Практически параллельно, в 1923 году, многие поэты-футуристы переходят в литературно-художественное направление ЛЕФ (Левый фронт искусств), которое возглавил Владимир Маяковский. ЛЕФовцы были сторонниками теории «социального заказа», согласно которой художник — лишь исполнитель заданий своего класса. При этом многие поэты, вопреки положениям сухой программы Левого фронта искусств, продолжают мудрить и сложно изъясняться в своих творениях. Читаем у Алексея Кручёных, который сотрудничал с ЛЕФом:
«Грузной грозою
Ливнем весенним
Расчистятся земли!
В синь
Зень
Ясь
Трель Интернационала
Иди
Рассияй
Шире улыбки первых жар
Рабочеправствие
Наш
Меж-пар-май!..»
Вряд ли рабочие и крестьяне просили поэта о выражении идей Первомая в такой витиеватой форме.
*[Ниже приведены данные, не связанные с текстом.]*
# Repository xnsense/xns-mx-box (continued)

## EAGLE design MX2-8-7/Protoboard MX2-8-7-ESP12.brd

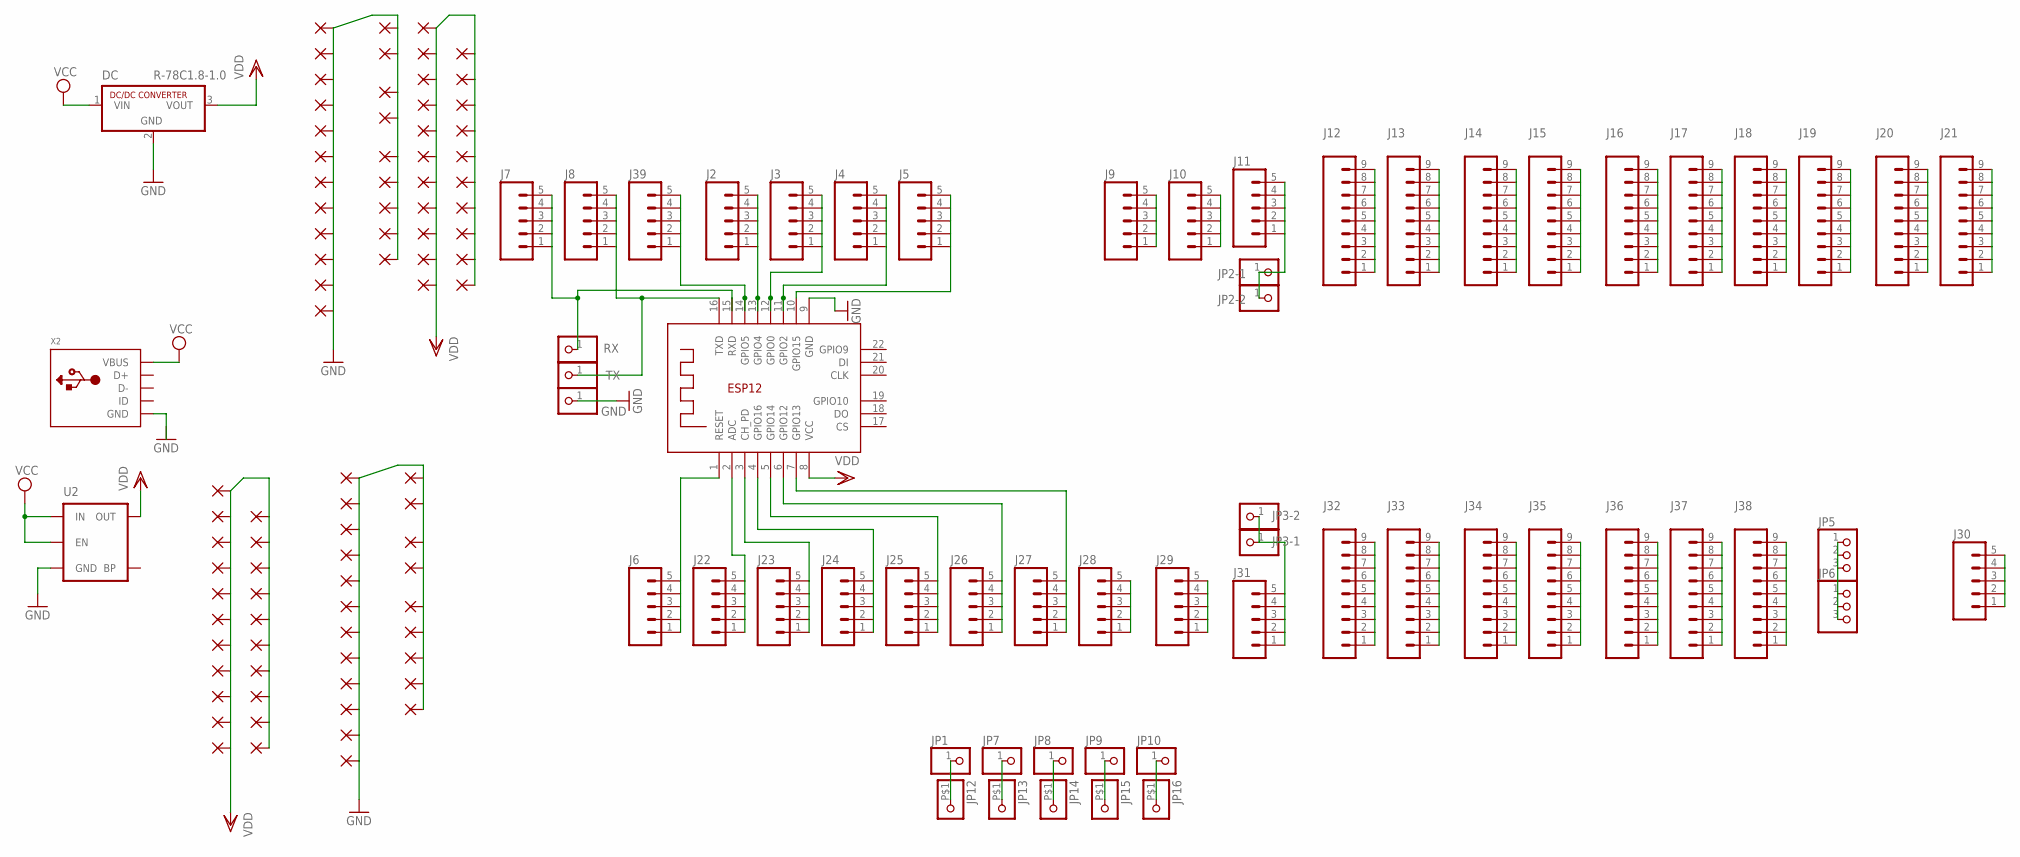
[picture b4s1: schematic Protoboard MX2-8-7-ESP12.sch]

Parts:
DC: R-78C1.8-1.0; SIP3
GND: PINHD-1X1CB; 1X01-CLEANBIG
J2, J3, J4, J5, J6, J7, J8, J9, J10, J11, J22, J23, J24, J25, J26, J27, J28, J29, J30, J31, J39: M05NO_SILK; 1X05_NO_SILK
J12, J13, J14, J15, J16, J17, J18, J19, J20, J21, J32, J33, J34, J35, J36, J37, J38: M09NO_SILK; 1X09_NO_SILK
JP1, JP2-1, JP2-2, JP3-1, JP3-2, JP7, JP8, JP9, JP10: PINHD-1X1CB; 1X01-CLEANBIG
JP5, JP6: PINHD-1X3CB; 1X03-CLEANBIG
JP12, JP13, JP14, JP15, JP16: PINHD-1X1-BIGPOGO; 1X1-BIGPOGO
PAD1, PAD2, PAD3, PAD4, PAD5, PAD6, PAD7, PAD8, PAD9, PAD10, PAD11, PAD12, PAD13, PAD14, PAD15, PAD16, PAD17, PAD18, PAD19, PAD22, PAD23, PAD24, PAD25, PAD26, PAD27, PAD28, PAD29, PAD30, PAD31, PAD32, PAD33, PAD34, PAD35, PAD36, PAD37, PAD39, PAD40, PAD41, PAD43, PAD44, PAD45, PAD46, PAD421, PAD422, PAD423, PAD424, PAD425, PAD426, PAD427, PAD428, PAD429, PAD430, PAD431, PAD432, PAD433, PAD434, PAD435, PAD436, PAD437, PAD438, PAD439, PAD440, PAD441, PAD442, PAD443, PAD444, PAD445, PAD446, PAD447, PAD448, PAD449, PAD450, PAD451, PAD452, PAD453, PAD454, PAD455, PAD456, PAD457, PAD458, PAD459, PAD460, PAD461, PAD462: 1,6/0,8
RX: PINHD-1X1CB; 1X01-CLEANBIG
TX: PINHD-1X1CB; 1X01-CLEANBIG
U2: MIC52053.3V; SOT23-5
X1: ESP-12E
X2: USB_MICRO_20329_V2; 4UCONN_20329_V2

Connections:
GND: DC.2 (GND), GND.1, PAD1.1, PAD2.1, PAD3.1, PAD4.1, PAD5.1, PAD6.1, PAD7.1, PAD8.1, PAD9.1, PAD10.1, PAD11.1, PAD12.1, PAD13.1, PAD14.1, PAD16.1, PAD17.1, PAD18.1, PAD19.1, PAD22.1, PAD23.1, PAD24.1, PAD421.1, PAD422.1, PAD423.1, PAD424.1, PAD425.1, PAD426.1, PAD427.1, PAD428.1, PAD429.1, PAD430.1, PAD431.1, PAD432.1, PAD433.1, PAD434.1, PAD435.1, PAD436.1, PAD437.1, PAD438.1, PAD439.1, PAD440.1, PAD441.1, U2.2 (GND), X1.9 (GND)
unnamed: J39.1, J39.2, J39.3, J39.4, J39.5, X1.14 (GPIO5)
unnamed: JP1.1, JP12.P$1
unnamed: J2.1, J2.2, J2.3, J2.4, J2.5, X1.13 (GPIO4)
unnamed: J3.1, J3.2, J3.3, J3.4, J3.5, X1.12 (GPIO0)
unnamed: J4.1, J4.2, J4.3, J4.4, J4.5, X1.11 (GPIO2)
unnamed: J5.1, J5.2, J5.3, J5.4, J5.5, X1.10 (GPIO15)
unnamed: J9.1, J9.2, J9.3, J9.4, J9.5
unnamed: J10.1, J10.2, J10.3, J10.4, J10.5
unnamed: J11.1, J11.2, J11.3, J11.4, J11.5, JP2-1.1, JP2-2.1
unnamed: J12.1, J12.2, J12.3, J12.4, J12.5, J12.6, J12.7, J12.8, J12.9
unnamed: J13.1, J13.2, J13.3, J13.4, J13.5, J13.6, J13.7, J13.8, J13.9
unnamed: J14.1, J14.2, J14.3, J14.4, J14.5, J14.6, J14.7, J14.8, J14.9
unnamed: J15.1, J15.2, J15.3, J15.4, J15.5, J15.6, J15.7, J15.8, J15.9
unnamed: J16.1, J16.2, J16.3, J16.4, J16.5, J16.6, J16.7, J16.8, J16.9
unnamed: J17.1, J17.2, J17.3, J17.4, J17.5, J17.6, J17.7, J17.8, J17.9
unnamed: J18.1, J18.2, J18.3, J18.4, J18.5, J18.6, J18.7, J18.8, J18.9
unnamed: J19.1, J19.2, J19.3, J19.4, J19.5, J19.6, J19.7, J19.8, J19.9
unnamed: J20.1, J20.2, J20.3, J20.4, J20.5, J20.6, J20.7, J20.8, J20.9
unnamed: J21.1, J21.2, J21.3, J21.4, J21.5, J21.6, J21.7, J21.8, J21.9
unnamed: J6.1, J6.2, J6.3, J6.4, J6.5, X1.1 (RESET)
unnamed: J22.1, J22.2, J22.3, J22.4, J22.5, X1.2 (ADC)
unnamed: J23.1, J23.2, J23.3, J23.4, J23.5, X1.3 (CH_PD)
unnamed: J24.1, J24.2, J24.3, J24.4, J24.5, X1.4 (GPIO16)
unnamed: J25.1, J25.2, J25.3, J25.4, J25.5, X1.5 (GPIO14)
unnamed: J26.1, J26.2, J26.3, J26.4, J26.5, X1.6 (GPIO12)
unnamed: J27.1, J27.2, J27.3, J27.4, J27.5, X1.7 (GPIO13)
unnamed: J28.1, J28.2, J28.3, J28.4, J28.5
unnamed: J29.1, J29.2, J29.3, J29.4, J29.5
unnamed: J31.1, J31.2, J31.3, J31.4, J31.5, JP3-1.1, JP3-2.1
unnamed: J32.1, J32.2, J32.3, J32.4, J32.5, J32.6, J32.7, J32.8, J32.9
unnamed: J33.1, J33.2, J33.3, J33.4, J33.5, J33.6, J33.7, J33.8, J33.9
unnamed: JP7.1, JP13.P$1
unnamed: J34.1, J34.2, J34.3, J34.4, J34.5, J34.6, J34.7, J34.8, J34.9
unnamed: J35.1, J35.2, J35.3, J35.4, J35.5, J35.6, J35.7, J35.8, J35.9
unnamed: J36.1, J36.2, J36.3, J36.4, J36.5, J36.6, J36.7, J36.8, J36.9
unnamed: J37.1, J37.2, J37.3, J37.4, J37.5, J37.6, J37.7, J37.8, J37.9
unnamed: J38.1, J38.2, J38.3, J38.4, J38.5, J38.6, J38.7, J38.8, J38.9
unnamed: JP5.1, JP5.2, JP5.3, JP6.1, JP6.2, JP6.3
unnamed: J30.1, J30.2, J30.3, J30.4, J30.5
unnamed: JP8.1, JP14.P$1
unnamed: JP9.1, JP15.P$1
unnamed: JP10.1, JP16.P$1
unnamed: J7.1, J7.2, J7.3, J7.4, J7.5, RX.1, X1.15 (RXD)
unnamed: J8.1, J8.2, J8.3, J8.4, J8.5, TX.1, X1.16 (TXD)
unnamed: X2.BASE@1 (GND), X2.BASE@2 (GND), X2.GND, X2.SPRT@1 (GND), X2.SPRT@2 (GND), X2.SPRT@3 (GND), X2.SPRT@4 (GND)
VCC: DC.1 (VIN), U2.1 (IN), U2.3 (EN), X2.VBUS
VDD: DC.3 (VOUT), PAD15.1, PAD25.1, PAD26.1, PAD27.1, PAD28.1, PAD29.1, PAD30.1, PAD31.1, PAD32.1, PAD33.1, PAD34.1, PAD35.1, PAD36.1, PAD37.1, PAD39.1, PAD40.1, PAD41.1, PAD43.1, PAD44.1, PAD45.1, PAD46.1, PAD442.1, PAD443.1, PAD444.1, PAD445.1, PAD446.1, PAD447.1, PAD448.1, PAD449.1, PAD450.1, PAD451.1, PAD452.1, PAD453.1, PAD454.1, PAD455.1, PAD456.1, PAD457.1, PAD458.1, PAD459.1, PAD460.1, PAD461.1, PAD462.1, U2.5 (OUT), X1.8 (VCC)

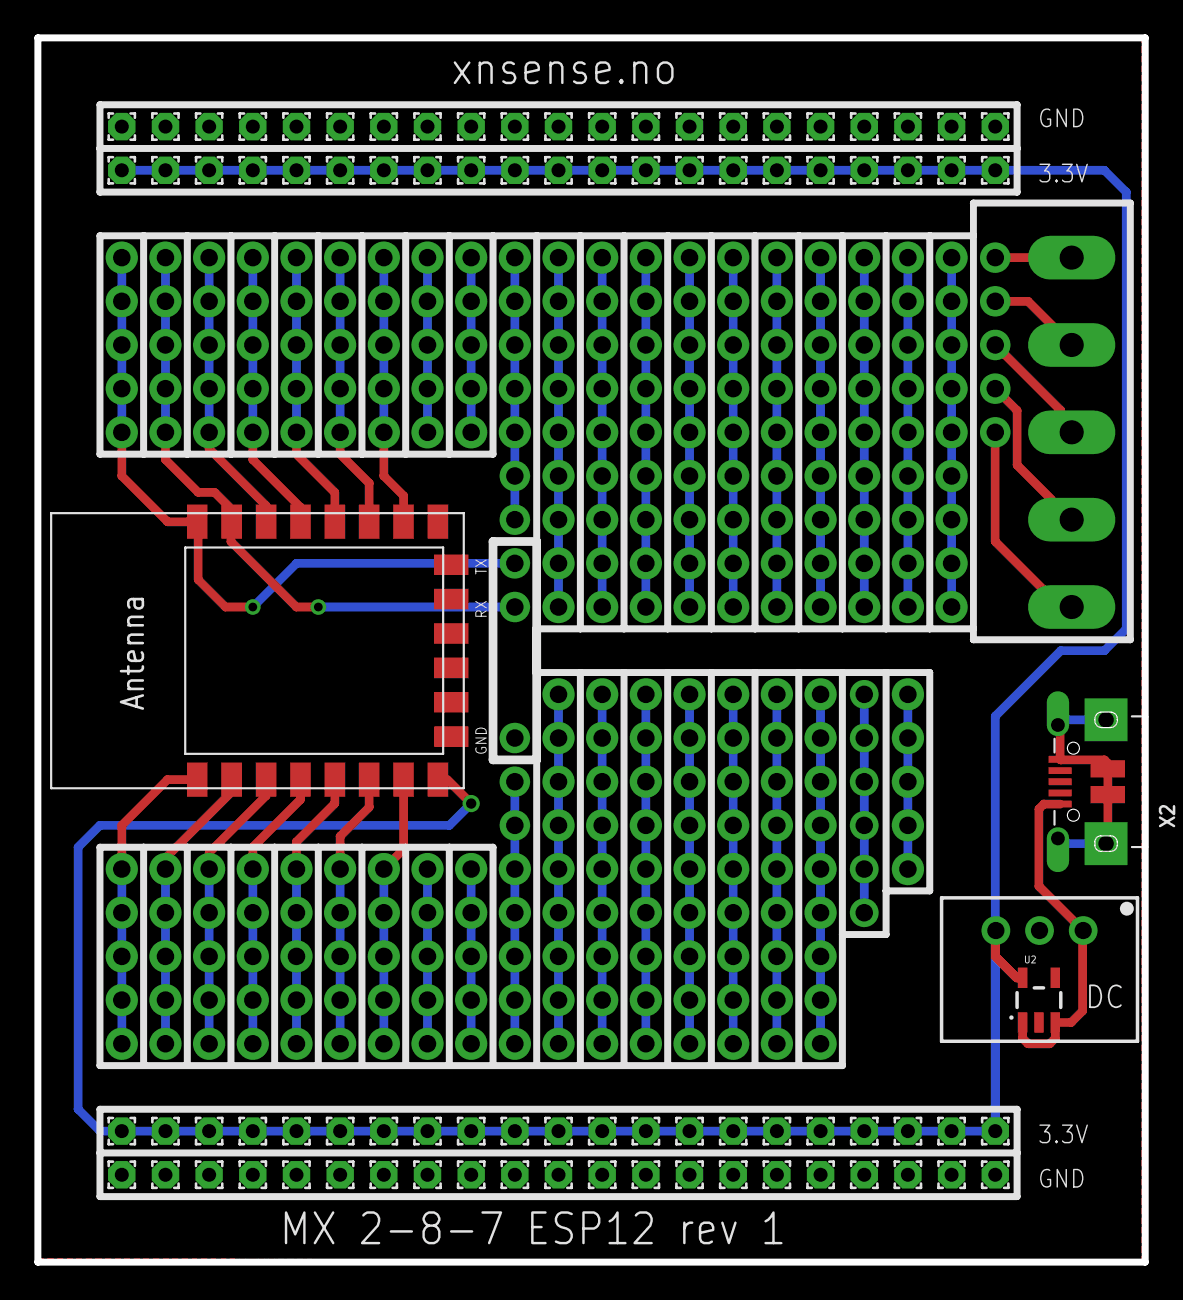
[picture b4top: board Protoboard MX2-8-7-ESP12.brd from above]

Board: 2 copper layers, 64.4 x 71.2 mm, 145 parts (0 on the bottom side), 48 nets.

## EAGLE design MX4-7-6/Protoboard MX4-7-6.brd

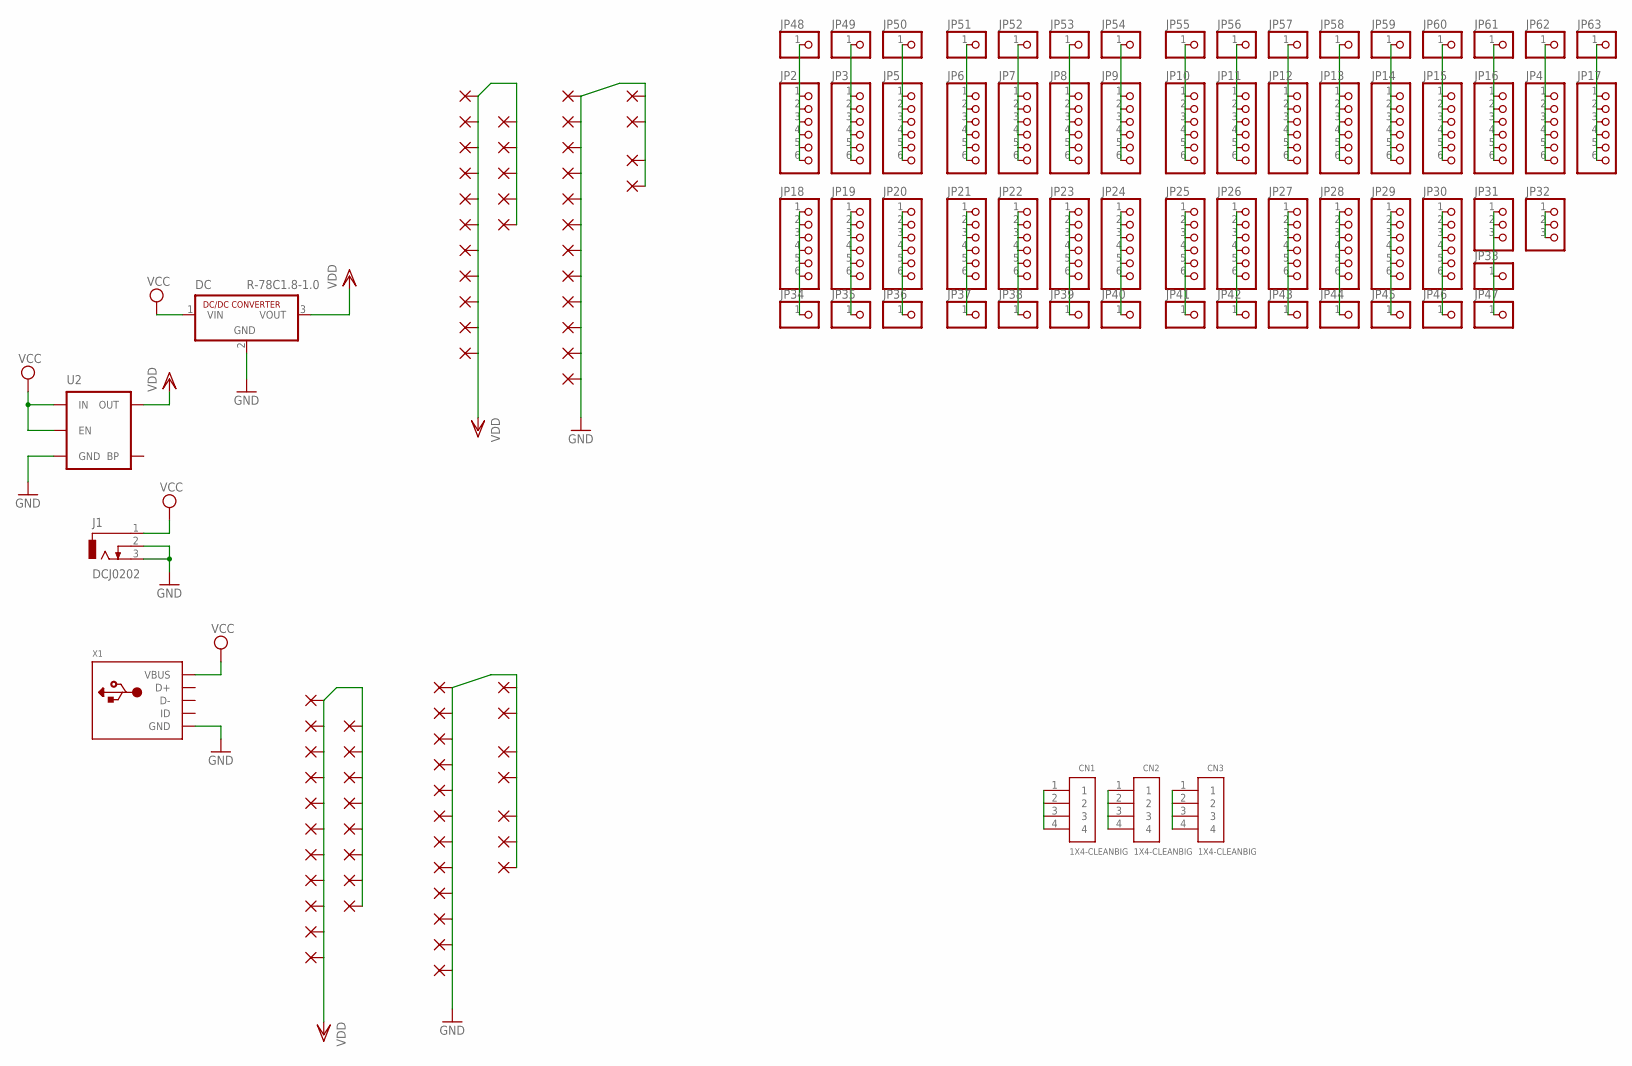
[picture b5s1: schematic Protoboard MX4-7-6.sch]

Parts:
CN1, CN2, CN3: 1X4-CLEANBIG; 1X04-CLEANBIG
DC: R-78C1.8-1.0; SIP3
J1: DCJ0202
JP2, JP3, JP4, JP5, JP6, JP7, JP8, JP9, JP10, JP11, JP12, JP13, JP14, JP15, JP16, JP17, JP18, JP19, JP20, JP21, JP22, JP23, JP24, JP25, JP26, JP27, JP28, JP29, JP30: PINHD-1X6CB; 1X06-CLEANBIG
JP31, JP32: PINHD-1X3CB; 1X03-CLEANBIG
JP33, JP34, JP35, JP36, JP37, JP38, JP39, JP40, JP41, JP42, JP43, JP44, JP45, JP46, JP47, JP48, JP49, JP50, JP51, JP52, JP53, JP54, JP55, JP56, JP57, JP58, JP59, JP60, JP61, JP62, JP63: PINHD-1X1CB; 1X01-CLEANBIG
PAD4, PAD5, PAD6, PAD7, PAD8, PAD9, PAD10, PAD11, PAD12, PAD13, PAD14, PAD15, PAD16, PAD17, PAD18, PAD19, PAD20, PAD21, PAD22, PAD23, PAD24, PAD25, PAD26, PAD27, PAD28, PAD29, PAD30, PAD31, PAD32, PAD33, PAD36, PAD38, PAD421, PAD422, PAD423, PAD424, PAD425, PAD426, PAD427, PAD428, PAD429, PAD430, PAD431, PAD432, PAD433, PAD434, PAD435, PAD436, PAD439, PAD440, PAD441, PAD442, PAD443, PAD444, PAD445, PAD446, PAD447, PAD448, PAD449, PAD450, PAD451, PAD452, PAD453, PAD454, PAD455, PAD456, PAD459, PAD460, PAD461, PAD462: 1,6/0,8
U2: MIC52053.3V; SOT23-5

Советской архитектурой 20-х годов правило несколько направлений, одним из которых был конструктивизм. Его идеолог Владимир Татлин самозабвенно сворачивал в бараний рог металл, создавая свои знаменитые контррельефы, пытался, и не безрезультатно, стереть грань между скульптурой и архитектурой. Памятник III Интернационала, сконструированный Татлиным, — пример эдакого градостроительного Кентавра: наполовину скульптура, наполовину архитектура. Металлическая башня высотой в четыреста метров, с подвижными конструкциями, в которых планировалось разместить информбюро и лекторий для топ-менеджеров советской власти, — таким виделся Татлину памятник, задуманный в честь Коминтерна. Идея художника не была ни понята, ни реализована: к концу 20-х годов генеральным архитектурным направлением в СССР стал социальный реализм. Власть спустилась с технических небес на землю, а душа затейливой башни так и осталась жить в макете.
Надкусив пирог советской истории в нескольких местах, можно легко убедиться в том, что попытка сделать неженку-фарфор слугой революции — попытка дерзкая, но не из ряда вон выходящая: желание отдать все лучшее новому миру преследовало художников разных направлений искусства. Им хотелось лезть в пекло поперек батьки, экспериментировать, творить, потому что они искренне верили: царству рабочих и крестьян не будет конца.